I probably won't accept answer that are not as general as possible, but an answer clarifying what wikipedia article is trying to say, would definitively get an up vote.
Solution 1:
The Wikipedia algorithm is correct, but a little terse. A simple example should clear it up if we stick to actual earth moving.

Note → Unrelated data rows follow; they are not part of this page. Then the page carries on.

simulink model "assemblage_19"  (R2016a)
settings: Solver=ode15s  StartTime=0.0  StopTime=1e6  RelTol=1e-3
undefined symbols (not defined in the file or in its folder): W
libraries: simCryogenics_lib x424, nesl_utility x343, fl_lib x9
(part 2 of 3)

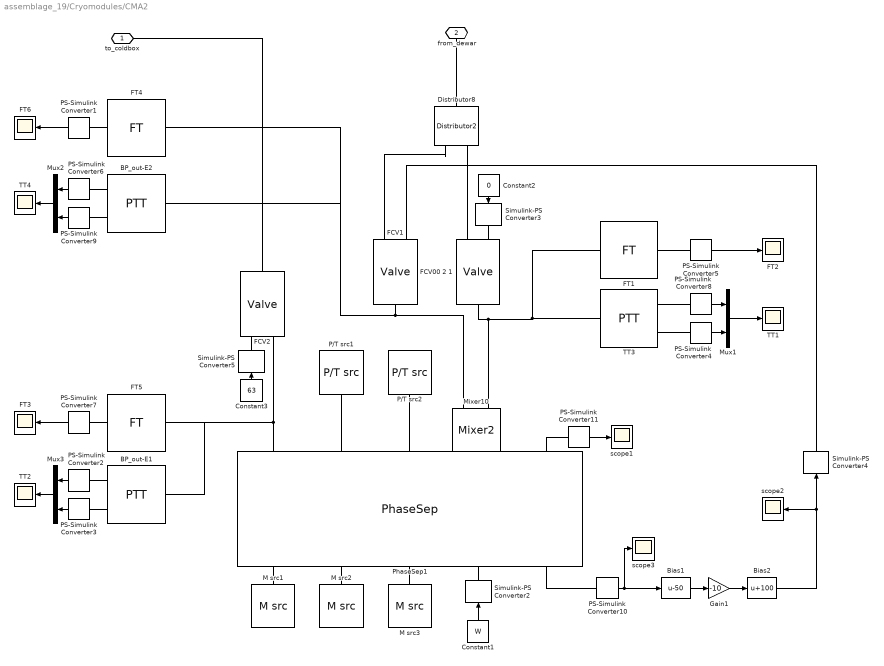
== system assemblage_19/Cryomodules/CMA2 ==
  BP_out-E1 : simCryogenics_lib/Sensors/PTT
  BP_out-E2 : simCryogenics_lib/Sensors/PTT
  Bias1 : Bias  Bias=-50
  Bias2 : Bias  Bias=100
  Constant1 : Constant  Value=W
  Constant2 : Constant  Value=0
  Constant3 : Constant  Value=63
  Distributor8 : simCryogenics_lib/Elements/Distributor2
  FCV00 2 1 : simCryogenics_lib/Elements/Valve  CVmax=0.2  ControlInputMin=0  ControlInputMax=100  Xt=0.86  Rv=100  lin_v=0  lim_v=0  K=2.4e-5 m^1.50000*kg^0.50000/s/bar^0.50000  Cmd_specify=off  Cmd_priority=High  Cmd=0  gamma_specify=off  gamma_priority=High  gamma=0  rho_specify=off  rho_priority=High  rho=0 kg/m^3  Xc_specify=off  Xc_priority=High  Xc=0  X_specify=off  X_priority=High  X=0  Y_specify=off  Y_priority=High  Y=0  CV_specify=off  CV_priority=High  CV=0
  FCV1 : simCryogenics_lib/Elements/Valve  CVmax=1.25  ControlInputMin=0  ControlInputMax=100  Xt=0.86  Rv=150  lin_v=0  lim_v=0  K=2.4e-5 m^1.50000*kg^0.50000/s/bar^0.50000  Cmd_specify=off  Cmd_priority=High  Cmd=0  gamma_specify=off  gamma_priority=High  gamma=0  rho_specify=off  rho_priority=High  rho=0 kg/m^3  Xc_specify=off  Xc_priority=High  Xc=0  X_specify=off  X_priority=High  X=0  Y_specify=off  Y_priority=High  Y=0  CV_specify=off  CV_priority=High  CV=0
  FCV2 : simCryogenics_lib/Elements/Valve  CVmax=1.5  ControlInputMin=0  ControlInputMax=100  Xt=0.86  Rv=100  lin_v=0  lim_v=0  K=2.4e-5 m^1.50000*kg^0.50000/s/bar^0.50000  Cmd_specify=off  Cmd_priority=High  Cmd=0  gamma_specify=off  gamma_priority=High  gamma=0  rho_specify=off  rho_priority=High  rho=0 kg/m^3  Xc_specify=off  Xc_priority=High  Xc=0  X_specify=off  X_priority=High  X=0  Y_specify=off  Y_priority=High  Y=0  CV_specify=off  CV_priority=High  CV=0
  FT1 : simCryogenics_lib/Sensors/FT
  FT2 : Scope
  FT3 : Scope
  FT4 : simCryogenics_lib/Sensors/FT
  FT5 : simCryogenics_lib/Sensors/FT
  FT6 : Scope
  Gain1 : Gain  Gain=-10
  M src1 : simCryogenics_lib/Sources_Sinks/M src  M=0 kg/s
  M src2 : simCryogenics_lib/Sources_Sinks/M src  M=0 kg/s
  M src3 : simCryogenics_lib/Sources_Sinks/M src  M=0 kg/s
  Mixer10 : simCryogenics_lib/Elements/Mixer2
  Mux1 : Mux  Inputs=2
  Mux2 : Mux  Inputs=2
  Mux3 : Mux  Inputs=2
  P/T src1 : simCryogenics_lib/Sources_Sinks/P//T src  P=1.2 bar  T=4.4 K
  P/T src2 : simCryogenics_lib/Sources_Sinks/P//T src  P=1.2 bar  T=4.4 K
  PS-Simulink Converter{1..11} (11 alike) : nesl_utility/PS-Simulink Converter  PhysicalDomain=network_engine_domain  SubClassName=ps_output  LeftPortType=input  RightPortType=output  PseudoPeriodic=off  Frequencies=[]  Unit=1  AffineConversion=off
  PhaseSep1 : simCryogenics_lib/Elements/PhaseSep  Ideal1=1  DeltaT1=0.05 K  N1=10  h1=400 W/K  Ideal2=1  DeltaT2=0.05 K  N2=10  h2=400 W/K  hmax=0.870 m  S=0.0402 m^2  P0=1.25 bar  h0=50  T0=4.5 K
  Simulink-PS Converter{2..5} (4 alike) : nesl_utility/Simulink-PS Converter  PhysicalDomain=network_engine_domain  SubClassName=ps_input  LeftPortType=input  RightPortType=output  PseudoPeriodic=off  Frequencies=[]  NoiseDistribution=none  NoiseParameters=[]  Unit=1  AffineConversion=off  InputFiltering=off  SimscapeFilterOrder=1  InputFilterTimeConstant=0.001  UdotUserProvided=1
  TT1 : Scope
  TT2 : Scope
  TT3 : simCryogenics_lib/Sensors/PTT
  TT4 : Scope
  scope1 : Scope
  scope2 : Scope
  scope3 : Scope
  to_coldbox : PMIOPort  Port=1  Side=Left
  from_dewar : PMIOPort  Port=2  Side=Right
  wires:
  PS-Simulink Converter5/1 -> FT2/1
  PS-Simulink Converter6/1 -> Mux2/1
  Mux3/1 -> TT2/1
  PS-Simulink Converter10/1 -> scope3/1, Bias1/1
  Constant3/1 -> Simulink-PS Converter5/1
  PS-Simulink Converter3/1 -> Mux3/2
  Constant2/1 -> Simulink-PS Converter3/1
  PS-Simulink Converter9/1 -> Mux2/2
  PS-Simulink Converter7/1 -> FT3/1
  PS-Simulink Converter1/1 -> FT6/1
  Gain1/1 -> Bias2/1
  PS-Simulink Converter11/1 -> scope1/1
  Mux2/1 -> TT4/1
  PS-Simulink Converter2/1 -> Mux3/1
  Mux1/1 -> TT1/1
  PS-Simulink Converter4/1 -> Mux1/2
  Bias2/1 -> scope2/1, Simulink-PS Converter4/1
  Constant1/1 -> Simulink-PS Converter2/1
  PS-Simulink Converter8/1 -> Mux1/1
  Bias1/1 -> Gain1/1
  connections:
  Simulink-PS Converter3/RConn1 -- FCV00 2 1/LConn1
  BP_out-E2/RConn2 -- PS-Simulink Converter6/LConn1
  PhaseSep1/RConn2 -- M src2/RConn1
  FCV1/RConn1 -- Mixer10/LConn2 -- FT4/LConn1 -- BP_out-E2/LConn1
  FT1/LConn1 -- TT3/LConn1 -- FCV00 2 1/RConn1 -- Mixer10/LConn1
  P/T src2/RConn1 -- PhaseSep1/LConn3
  TT3/RConn2 -- PS-Simulink Converter4/LConn1
  PS-Simulink Converter1/LConn1 -- FT4/RConn1
  FCV2/LConn1 -- Simulink-PS Converter5/RConn1
  Simulink-PS Converter2/RConn1 -- PhaseSep1/RConn4
  M src3/RConn1 -- PhaseSep1/RConn3
  FCV2/RConn1 -- to_coldbox/RConn1
  PhaseSep1/LConn2 -- P/T src1/RConn1
  FCV00 2 1/LConn2 -- Distributor8/RConn1
  BP_out-E1/RConn2 -- PS-Simulink Converter2/LConn1
  PhaseSep1/LConn4 -- Mixer10/RConn1
  PS-Simulink Converter10/LConn1 -- PhaseSep1/RConn5
  TT3/RConn1 -- PS-Simulink Converter8/LConn1
  FCV2/LConn2 -- PhaseSep1/LConn1 -- BP_out-E1/LConn1 -- FT5/LConn1
  from_dewar/RConn1 -- Distributor8/LConn1
  PS-Simulink Converter11/LConn1 -- PhaseSep1/LConn5
  M src1/RConn1 -- PhaseSep1/RConn1
  BP_out-E2/RConn1 -- PS-Simulink Converter9/LConn1
  PS-Simulink Converter5/LConn1 -- FT1/RConn1
  BP_out-E1/RConn1 -- PS-Simulink Converter3/LConn1
  Simulink-PS Converter4/RConn1 -- FCV1/LConn1
  PS-Simulink Converter7/LConn1 -- FT5/RConn1
  Distributor8/RConn2 -- FCV1/LConn2

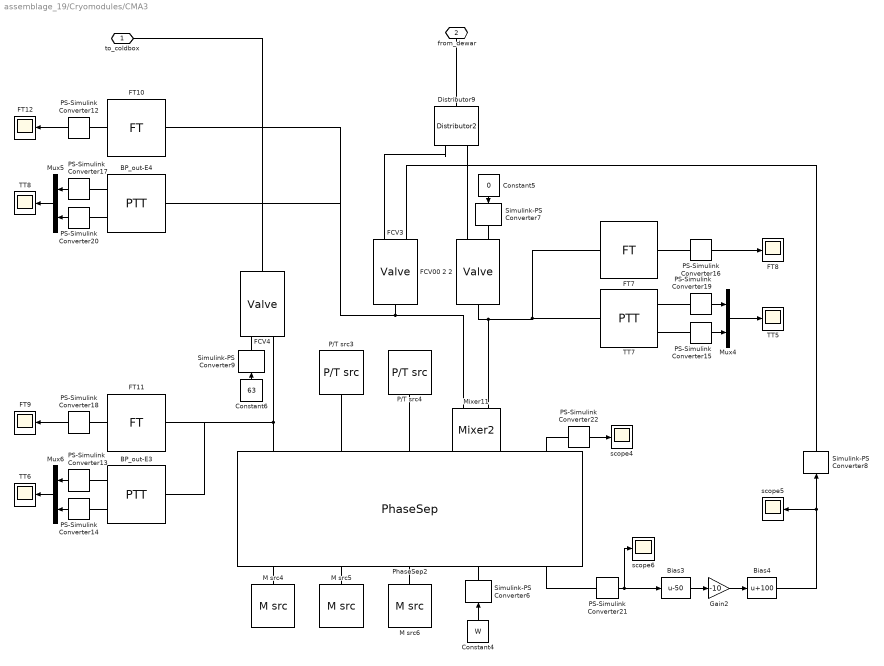
== system assemblage_19/Cryomodules/CMA3 ==
  BP_out-E3 : simCryogenics_lib/Sensors/PTT
  BP_out-E4 : simCryogenics_lib/Sensors/PTT
  Bias3 : Bias  Bias=-50
  Bias4 : Bias  Bias=100
  Constant4 : Constant  Value=W
  Constant5 : Constant  Value=0
  Constant6 : Constant  Value=63
  Distributor9 : simCryogenics_lib/Elements/Distributor2
  FCV00 2 2 : simCryogenics_lib/Elements/Valve  CVmax=0.2  ControlInputMin=0  ControlInputMax=100  Xt=0.86  Rv=100  lin_v=0  lim_v=0  K=2.4e-5 m^1.50000*kg^0.50000/s/bar^0.50000  Cmd_specify=off  Cmd_priority=High  Cmd=0  gamma_specify=off  gamma_priority=High  gamma=0  rho_specify=off  rho_priority=High  rho=0 kg/m^3  Xc_specify=off  Xc_priority=High  Xc=0  X_specify=off  X_priority=High  X=0  Y_specify=off  Y_priority=High  Y=0  CV_specify=off  CV_priority=High  CV=0
  FCV3 : simCryogenics_lib/Elements/Valve  CVmax=1.25  ControlInputMin=0  ControlInputMax=100  Xt=0.86  Rv=150  lin_v=0  lim_v=0  K=2.4e-5 m^1.50000*kg^0.50000/s/bar^0.50000  Cmd_specify=off  Cmd_priority=High  Cmd=0  gamma_specify=off  gamma_priority=High  gamma=0  rho_specify=off  rho_priority=High  rho=0 kg/m^3  Xc_specify=off  Xc_priority=High  Xc=0  X_specify=off  X_priority=High  X=0  Y_specify=off  Y_priority=High  Y=0  CV_specify=off  CV_priority=High  CV=0
  FCV4 : simCryogenics_lib/Elements/Valve  CVmax=1.5  ControlInputMin=0  ControlInputMax=100  Xt=0.86  Rv=100  lin_v=0  lim_v=0  K=2.4e-5 m^1.50000*kg^0.50000/s/bar^0.50000  Cmd_specify=off  Cmd_priority=High  Cmd=0  gamma_specify=off  gamma_priority=High  gamma=0  rho_specify=off  rho_priority=High  rho=0 kg/m^3  Xc_specify=off  Xc_priority=High  Xc=0  X_specify=off  X_priority=High  X=0  Y_specify=off  Y_priority=High  Y=0  CV_specify=off  CV_priority=High  CV=0
  FT10 : simCryogenics_lib/Sensors/FT
  FT11 : simCryogenics_lib/Sensors/FT
  FT12 : Scope
  FT7 : simCryogenics_lib/Sensors/FT
  FT8 : Scope
  FT9 : Scope
  Gain2 : Gain  Gain=-10
  M src4 : simCryogenics_lib/Sources_Sinks/M src  M=0 kg/s
  M src5 : simCryogenics_lib/Sources_Sinks/M src  M=0 kg/s
  M src6 : simCryogenics_lib/Sources_Sinks/M src  M=0 kg/s
  Mixer11 : simCryogenics_lib/Elements/Mixer2
  Mux4 : Mux  Inputs=2
  Mux5 : Mux  Inputs=2
  Mux6 : Mux  Inputs=2
  P/T src3 : simCryogenics_lib/Sources_Sinks/P//T src  P=1.2 bar  T=4.4 K
  P/T src4 : simCryogenics_lib/Sources_Sinks/P//T src  P=1.2 bar  T=4.4 K
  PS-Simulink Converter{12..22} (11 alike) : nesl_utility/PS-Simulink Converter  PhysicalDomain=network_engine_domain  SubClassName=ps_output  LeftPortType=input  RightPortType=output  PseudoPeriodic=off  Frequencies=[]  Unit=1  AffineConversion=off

Histogram $A$ is three piles of dirt (earth) in a row: $A_0$, $A_1$, and $A_2$, and histogram $B$ is three piles of dirt $B_0$, $B_1$, and $B_2$ in a row.
Suppose the number of shovelfuls in each dirt pile is as follows.
$A_0 = 3$, $A_1 = 2$, $A_2 = 1$
$B_0 = 1$, $B_1 = 2$, $B_2 = 3$
So to make $A$ look like $B$, we really need to take two shovelfuls of dirt from $A_0$ and put them in $A_2$; i.e., move two shovelfuls two units of distance: that's four units of work. The algorithm has us move the two shovelfuls from $A_0$ to $A_1$, and then two from $A_1$ to $A_2$, using $EMD_{i+1} = (A_i + EMD_i) - B_i$.
$$ EMD_0 = 0 \\ EMD_1 = (3 + 0) - 1 = 2 \\ EMD_2 = (2 + 2) - 2 = 2 \\ EMD_3 = (1 + 2) - 3 = 0 \\ \Rightarrow EMD = 2 + 2 + 0 = 4 $$
Solution 2:
In the discrete algorithm you quote, $A_i$ seems to be the amount "of earth" at position $i$ in the first distribution and $B_i$ the amount "of earth" at position $i$ in the second distribution, with $i$ taking values in the non-negative integers. The algorithm as stated needs just one pass, and so long as the two total amounts "of earth" are the same and the ranges of the distributions are bounded, the algorithm will terminate.
For two probability distributions on the real numbers, where the total amounts "of probability" are each $1$ by definition, suppose their cumulative distribution functions are $F_a(x)$ and $F_b(x)$. Then the Earth Mover Distance becomes $$\int_{x=-\infty}^{\infty} |F_a(x) - F_b(x)|\, dx . $$
If the two distributions have densities $f_a(x)$ and $f_b(x)$ this is equivalent to $$\int_{x=-\infty}^{\infty} \left|\int_{y=-\infty}^x(f_a(y) - f_b(y))\,dy\,\right|\, dx.$$
As Niels Diepeveen says in the comments, this changes with distributions on other metric spaces, but I get the impression you are not asking about that.